The DataFrameTransformerEngine maps the DataFrame type to a StructuredDatasetType literal. This literal type can include column definitions, format information, and external schema details.

Example Usage:

from flyte.io._dataframe.dataframe import DataFrame
from flyte.io._dataframe.basic_dfs import PandasToCSVEncodingHandler, CSVToPandasDecodingHandler
import pandas as pd
from typing import Annotated

# Register handlers (typically done automatically by the library)
DataFrameTransformerEngine.register(PandasToCSVEncodingHandler())
DataFrameTransformerEngine.register(CSVToPandasDecodingHandler())

# Define a task that takes and returns a DataFrame
# @env.task
async def process_dataframe(input_df: Annotated[DataFrame, {"col1": int}]) -> DataFrame:
    # Load the input DataFrame as a pandas DataFrame
    df = await input_df.open(pd.DataFrame).all()
    print(f"Input DataFrame columns: {df.columns.tolist()}")
    
    # Perform some operations
    df["new_col"] = df["col1"] * 2
    
    # Create a new DataFrame instance for output
    output_df = DataFrame(val=df, file_format="csv")
    return output_df

# Example of creating a DataFrame from a local pandas DataFrame
async def create_and_process_dataframe():
    local_df = pd.DataFrame({"col1": [10, 20], "col2": ["x", "y"]})
    # When passing a plain pandas DataFrame, the engine wraps it in the DataFrame type
    # and uses registered encoders to upload it.
    
    # Simulate task execution (in a real workflow, this would be handled by the platform)
    # For local execution, you might explicitly create a DataFrame instance with the value
    input_flyte_df = DataFrame(val=local_df, file_format="csv")
    
    # Call the task-like function
    result_flyte_df = await process_dataframe(input_flyte_df)
    
    # Load the result back as a pandas DataFrame
    result_pd_df = await result_flyte_df.open(pd.DataFrame).all()
    print(f"Result DataFrame:\n{result_pd_df}")

# Example of referencing an existing remote DataFrame
# @env.task
async def read_existing_remote_dataframe() -> DataFrame:
    # Reference an existing remote CSV file
    return DataFrame(uri="s3://my-bucket/existing_data.csv", file_format="csv")

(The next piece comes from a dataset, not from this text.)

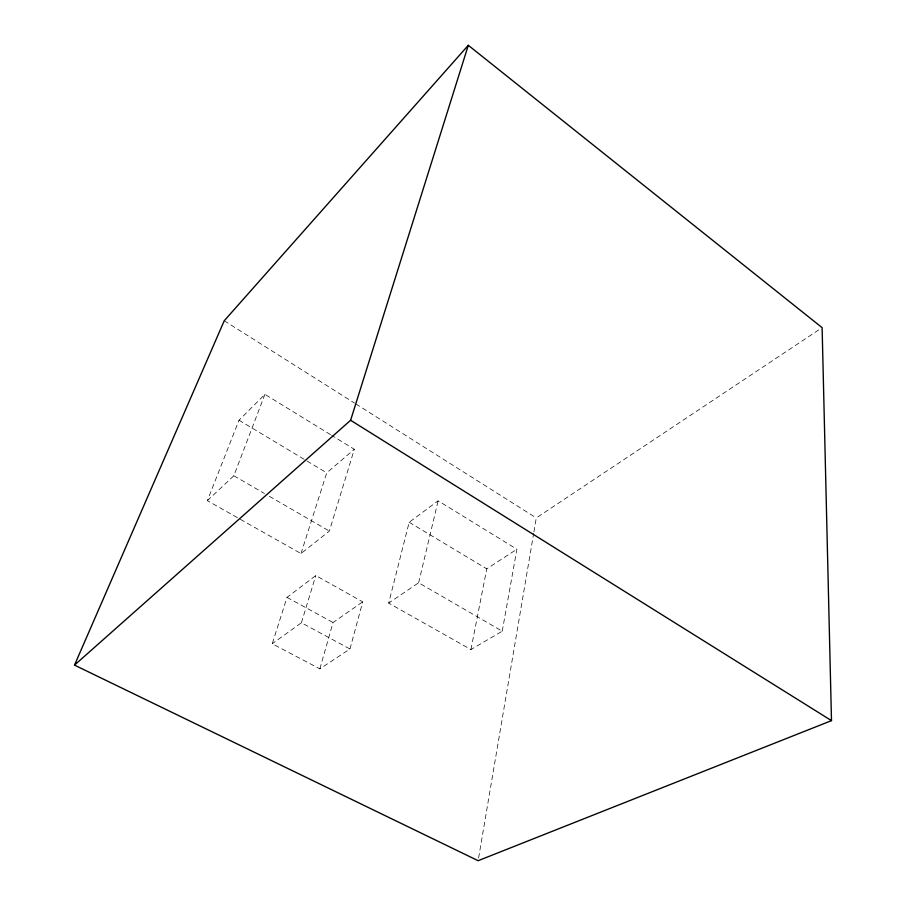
<?xml version="1.0" encoding="UTF-8"?>
<svg xmlns="http://www.w3.org/2000/svg" width="906" height="906" viewBox="0 0 906 906"><rect width="100%" height="100%" fill="white"/><g stroke="black" fill="none" stroke-linecap="round" stroke-linejoin="round"><path stroke-width="0.68" stroke-dasharray="4.53 3.4" d="M478.606 857.914L533.691 533.26M533.917 531.867L536.284 517.938L819.76 329.218M502.241 631.188L516.896 549.24L438.13 500.814L409.172 522.286L388.674 603.102L470.927 649.568L502.241 631.188L418.64 582.773L388.674 603.102M470.927 649.568L486.76 568.832L516.896 549.24M418.64 582.773L438.13 500.814M349.976 648.99L362.717 601.844L315.798 575.57L287.021 597.382L272.23 643.77L319.841 668.855L349.976 648.99L301.404 622.773L272.23 643.77M319.841 668.855L333.046 622.524L362.717 601.844M301.404 622.773L315.798 575.57M330.475 434.631L264.926 394.348L239.014 420.214L207.361 500.667L300.996 553.566L329.365 531.075L354.303 449.285L331.664 435.367M300.996 553.566L326.738 472.841L354.303 449.285M207.361 500.667L233.827 475.752L264.926 394.348M287.021 597.382L333.046 622.524M233.827 475.752L264.45 493.487M269.354 496.318L329.365 531.075M239.014 420.214L326.738 472.841M409.172 522.286L486.76 568.832M224.235 320.758L354.563 403.102M355.752 403.861L536.284 517.938"/><path stroke-width="1.36" d="M74.507 665.117L350.611 420.271L468.3 45.3L822.116 327.655L831.493 720.632L478.13 860.7L74.507 665.117L224.235 320.758L468.3 45.3M350.611 420.271L831.493 720.632"/></g></svg>

Asynchronous and Synchronous Operations

Both File and Dir types provide a dual API for asynchronous (async def) and synchronous (def) operations.

Asynchronous operations (e.g., file.open(), dir.walk(), file.download()) are generally preferred for I/O-bound tasks, especially when interacting with remote storage, as they allow other operations to proceed while waiting for I/O to complete. This can significantly improve the overall efficiency of tasks.
Synchronous operations (e.g., file.open_sync(), dir.walk_sync(), file.exists_sync()) are available for simpler scripts or when integrating with existing synchronous codebases. However, for remote I/O, synchronous operations might block the execution thread, potentially leading to performance bottlenecks.

Important Consideration: For Dir, download_sync and from_local_sync are not fully implemented for remote paths and will raise NotImplementedError. Developers should use their asynchronous counterparts for remote directory transfers.

Key Considerations

User Responsibility for I/O: For File and Dir types, users are explicitly responsible for handling the actual I/O operations (reading/writing content) using the provided open() or open_sync() methods. The type transformers for these types do not perform automatic uploading or downloading of file contents; they only manage the metadata (path, format, hash).
Generic Type T: The generic type T in File[T] and Dir[T] serves as a hint for the expected content format. It does not enforce type checking on the content itself but can be used by type transformers or user code to guide parsing and processing.
Remote vs. Local Paths: The types seamlessly handle both local filesystem paths and remote URIs (e.g., s3://, gs://). The underlying storage layer automatically determines the appropriate filesystem driver.
Performance: Asynchronous operations are crucial for performance when dealing with remote storage. Leveraging async/await patterns can prevent blocking and improve resource utilization.
Extensibility for DataFrames: The DataFrameTransformerEngine provides a powerful extension point for integrating custom DataFrame libraries or specialized data formats. Developers can implement and register their own DataFrameEncoder and DataFrameDecoder to support new data types.